Colonial Trust Co. v. Joseph Hilton, Inc.

The agreement for the termination of the lease was executed July 30th, 1928. It recited an indebtedness of the defendant to the plaintiff under the provisions of the lease amounting to $33,000 and provided that the defendant would, upon the execution of the agreement, pay to the plaintiff $15,000 with interest and give to it promissory notes to the additional amount of $18,000, payable some months in the future. It then contained a provision that "on August 31st, 1928, at or before 6:00 p. m. Hilton agrees to deliver to Colonial, or to such other person, firm or corporation as Colonial shall direct, full and complete possession, in order and repair of premises let and devised to Hilton by Colonial," with a further provision giving to the plaintiff the rights and remedies provided in the lease for securing possession in case of a default on defendant's part. Then follows paragraph three, the proper construction of which is the issue involved in this case, and the material terms of which are quoted in the majority opinion.

This paragraph provides that if the defendant "shall perform up to and including August 31st, 1928, all the agreements on its part to be performed in the agreement" of leasing then "the said agreement shall be terminated and ended on and as of August 31st, 1928, at 6:00 p. m." until which time it is to continue in force. Under the plain terms of this provision the defendant was obligated to pay the rent which became due in August because that was one of the agreements "on its part to be performed" before August 31st. But how *Page 83 can it be said that an obligation to pay rent not due by the terms of the lease until after August 31st was one of "the agreements on its part to be performed" up to and including that day? If it was not, then by the express terms of the contract the agreement of lease was "terminated and ended on and as of" that day. How can an action for rent be based upon the lease, when by its express terms it was terminated and ended before that rent became due? That it was the clearly expressed intent of the agreement that there should be no obligations upon the defendant to pay rent after August 31st is confirmed by the concluding clause of the paragraph, that after that date "there shall be no further rights or liabilities of either party hereto to the other under the said agreement." "Liabilities" in the primary significance of the word cannot be restricted to claims which have become due and payable. "Liability in a legal sense, is the state or condition of one who is under obligation to do at once or at some future time something which may be enforced by action.
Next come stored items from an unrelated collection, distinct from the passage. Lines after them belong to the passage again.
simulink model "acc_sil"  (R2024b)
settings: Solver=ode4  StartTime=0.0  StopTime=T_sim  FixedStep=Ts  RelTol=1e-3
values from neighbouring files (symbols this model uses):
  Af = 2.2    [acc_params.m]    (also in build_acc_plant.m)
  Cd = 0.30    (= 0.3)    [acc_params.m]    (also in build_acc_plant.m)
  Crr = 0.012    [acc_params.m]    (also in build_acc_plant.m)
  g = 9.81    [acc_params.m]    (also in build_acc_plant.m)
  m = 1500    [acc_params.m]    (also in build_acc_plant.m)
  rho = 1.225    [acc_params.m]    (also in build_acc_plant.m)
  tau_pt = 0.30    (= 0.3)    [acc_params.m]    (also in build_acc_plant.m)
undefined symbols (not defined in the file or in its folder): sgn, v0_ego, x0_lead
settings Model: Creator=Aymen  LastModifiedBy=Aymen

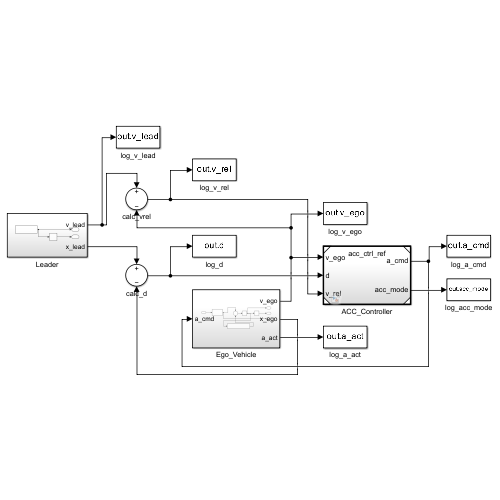
[thumbnail: Simulink's stored preview of the top-level diagram]
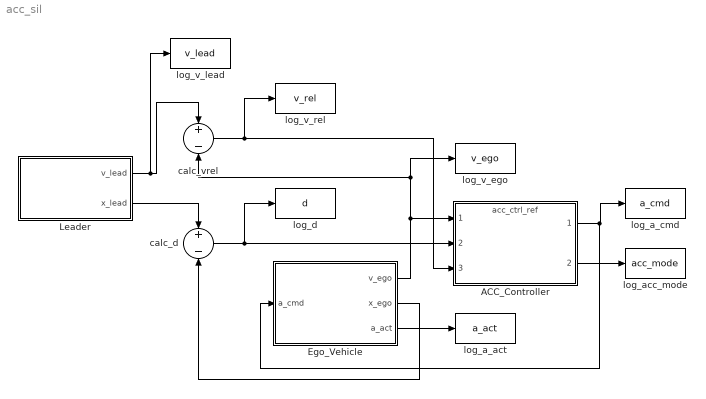
== system acc_sil ==
  ACC_Controller : ModelReference  ModelNameDialog=acc_ctrl_ref  SimulationMode=Normal  ModelReferenceVersion=1.7
  Ego_Vehicle : Subsystem
  Leader : Subsystem
  calc_d : Sum  Inputs=+-
  calc_vrel : Sum  Inputs=+-
  log_a_act : ToWorkspace  VariableName=a_act  SaveFormat=Timeseries  SampleTime=-1
  log_a_cmd : ToWorkspace  VariableName=a_cmd  SaveFormat=Timeseries  SampleTime=-1
  log_acc_mode : ToWorkspace  VariableName=acc_mode  SaveFormat=Timeseries  SampleTime=-1
  log_d : ToWorkspace  VariableName=d  SaveFormat=Timeseries  SampleTime=-1
  log_v_ego : ToWorkspace  VariableName=v_ego  SaveFormat=Timeseries  SampleTime=-1
  log_v_lead : ToWorkspace  VariableName=v_lead  SaveFormat=Timeseries  SampleTime=-1
  log_v_rel : ToWorkspace  VariableName=v_rel  SaveFormat=Timeseries  SampleTime=-1
  wires:
  Leader/2(x_lead) -> calc_d/1
  Leader/1(v_lead) -> calc_vrel/1, log_v_lead/1
  calc_vrel/1 -> ACC_Controller/3, log_v_rel/1
  Ego_Vehicle/2(x_ego) -> calc_d/2
  calc_d/1 -> ACC_Controller/2, log_d/1
  Ego_Vehicle/1(v_ego) -> calc_vrel/2, log_v_ego/1, ACC_Controller/1
  Ego_Vehicle/3(a_act) -> log_a_act/1
  ACC_Controller/1 -> Ego_Vehicle/1(a_cmd), log_a_cmd/1
  ACC_Controller/2 -> log_acc_mode/1

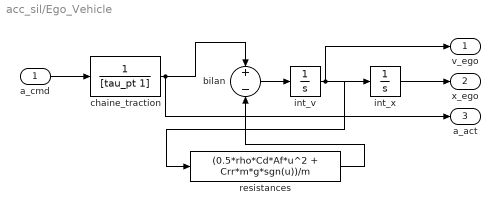
== system acc_sil/Ego_Vehicle ==
  a_cmd : Inport
  bilan : Sum  Inputs=+-
  chaine_traction : TransferFcn  Numerator=1  Denominator=[tau_pt 1]
  int_v : Integrator  InitialCondition=v0_ego  LimitOutput=on  LowerSaturationLimit=0
  int_x : Integrator
  resistances : Fcn  Expr=(0.5*rho*Cd*Af*u^2 + Crr*m*g*sgn(u))/m
  v_ego : Outport
  x_ego : Outport  Port=2
  a_act : Outport  Port=3
  wires:
  a_cmd/1 -> chaine_traction/1
  chaine_traction/1 -> bilan/1, a_act/1
  resistances/1 -> bilan/2
  bilan/1 -> int_v/1
  int_v/1 -> resistances/1, int_x/1, v_ego/1
  int_x/1 -> x_ego/1

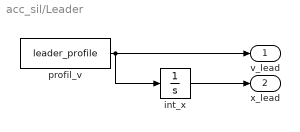
== system acc_sil/Leader ==
  int_x : Integrator  InitialCondition=x0_lead
  profil_v : FromWorkspace  VariableName=leader_profile  OutputAfterFinalValue=Holding final value
  v_lead : Outport
  x_lead : Outport  Port=2
  wires:
  profil_v/1 -> v_lead/1, int_x/1
  int_x/1 -> x_lead/1

It may exist without the right of immediate enforcement." White v. Green, 105 Iowa 176, 181,74 N.W. 928; Hyatt v. Anderson's Trustee, 25 Ky. L. Rep. 132, 134, 74 S.W. 1094, 1096; Cochran and Sayre v. United States, 157 U.S. 286, 296, 15 Sup. Ct. 628. Rent accruing upon August 31st was a "liability," though not due until ten days after, and by the express provision of the agreement that liability terminated on August 31st.

It should not be forgotten that what we are bound to regard is, not the intent the parties may have had, or the intent we think they should have had, but the intent they have expressed in their agreement. The majority opinion rests upon the proposition that, as occupancy of the premises was to continue during August, the parties must have intended that rentals *Page 84 should have been paid for that month. But if they did so intend, while that might give rise to a right to have the agreement reformed, it would not justify substituting that intent for the one which is clearly expressed in the lease. Moreover, if we recall that the purpose of the lease of the premises was to carry on a retail clothing business which evidently was of considerable size, that the agreement terminating the lease was made on July 30th, 1928, and the premises were to be absolutely vacated on August 31st, 1928, at 6 p. m., the agreement that payment of the rent stipulated in the lease should follow from occupancy loses significance. And again, if reliance is to be placed upon this fact as determining the sense in which the parties used the words of the agreement, upon what grounds is it possible to sustain the ruling of the trial court excluding evidence offered by the defendant as to the negotiations of the parties prior to the making of the agreement, offered to aid in its interpretation? Mazzotta v.Bornstein, 104 Conn. 430, 439, 133 A. 677.

In this opinion HINMAN, J., concurred.